# Name this cadence



## Vile Consort

What is the name of the cadence, often used by JS Bach, where (in C major) the penultimate chord is D, F, A flat, B (often with a tonic pedal under it) leading to a C major chord.


----------



## EdwardBast

You asked this question, and it was answered, in June:

Name this cadence

Short version: Those notes over a final tonic pedal in Bach are just non-harmonic tones elaborating the final tonic chord. The real final cadence happened measures before.


----------



## caters

It's a leading tone IAC. Beethoven is another composer that frequently uses leading tone IAC's in his pieces. Generally speaking, there are 3 types of IAC. There is the root position IAC, the inverted IAC, and the leading tone IAC.

The leading tone IAC is exactly what you are describing, a vii°7 -> I cadence, This I feel to be the strongest of IAC's because of the half step motion and because, it is just 1 note away from a PAC(substitute the Ab for a G and it would be a PAC).

The root position IAC is also pretty close to a PAC in its strength. In this case, both the V and I chords are in root position, but the I chord has a soprano note other than the root.

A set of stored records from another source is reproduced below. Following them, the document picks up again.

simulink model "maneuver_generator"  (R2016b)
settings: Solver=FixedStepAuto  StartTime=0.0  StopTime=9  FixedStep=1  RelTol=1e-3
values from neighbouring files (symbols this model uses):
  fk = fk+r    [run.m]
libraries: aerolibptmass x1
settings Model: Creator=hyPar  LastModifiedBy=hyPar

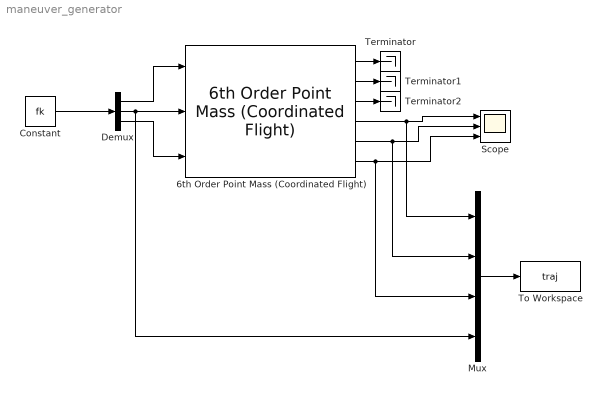
== system maneuver_generator ==
  6th Order Point Mass (Coordinated Flight) : aerolibptmass/6th Order Point Mass (Coordinated Flight)  units=Metric (MKS)  gamma0=0  chi0=0  V0=200  x0=0  y0=0  h0=5000  mass0=1000.0
  Constant : Constant  Value=fk
  Demux : Demux  Outputs=3
  Mux : Mux
  Scope : Scope  NumInputPorts=3
  Terminator : Terminator
  Terminator1 : Terminator
  Terminator2 : Terminator
  To Workspace : ToWorkspace  VariableName=traj  SaveFormat=Timeseries  SampleTime=-1
  wires:
  6th Order Point Mass (Coordinated Flight)/4 -> Scope/1, Mux/1
  6th Order Point Mass (Coordinated Flight)/5 -> Mux/2, Scope/2
  6th Order Point Mass (Coordinated Flight)/6 -> Mux/3, Scope/3
  Constant/1 -> Demux/1
  Demux/1 -> 6th Order Point Mass (Coordinated Flight)/1
  Demux/2 -> Mux/4, 6th Order Point Mass (Coordinated Flight)/2
  Demux/3 -> 6th Order Point Mass (Coordinated Flight)/3
  Mux/1 -> To Workspace/1
  6th Order Point Mass (Coordinated Flight)/2 -> Terminator1/1
  6th Order Point Mass (Coordinated Flight)/3 -> Terminator2/1
  6th Order Point Mass (Coordinated Flight)/1 -> Terminator/1

The inverted IAC is the weakest of them all. As the name implies, this means that the V and/or the I chord is inverted. But with this, I feel 3 different levels of strength depending on the chord that is inverted. If the dominant is inverted, it is close to a PAC in strength, especially if the inverted dominant is a V65 chord. If the tonic is inverted, it is weak. If both the dominant and the tonic are inverted, it is so weak that it is hard to even call it an inverted IAC.


----------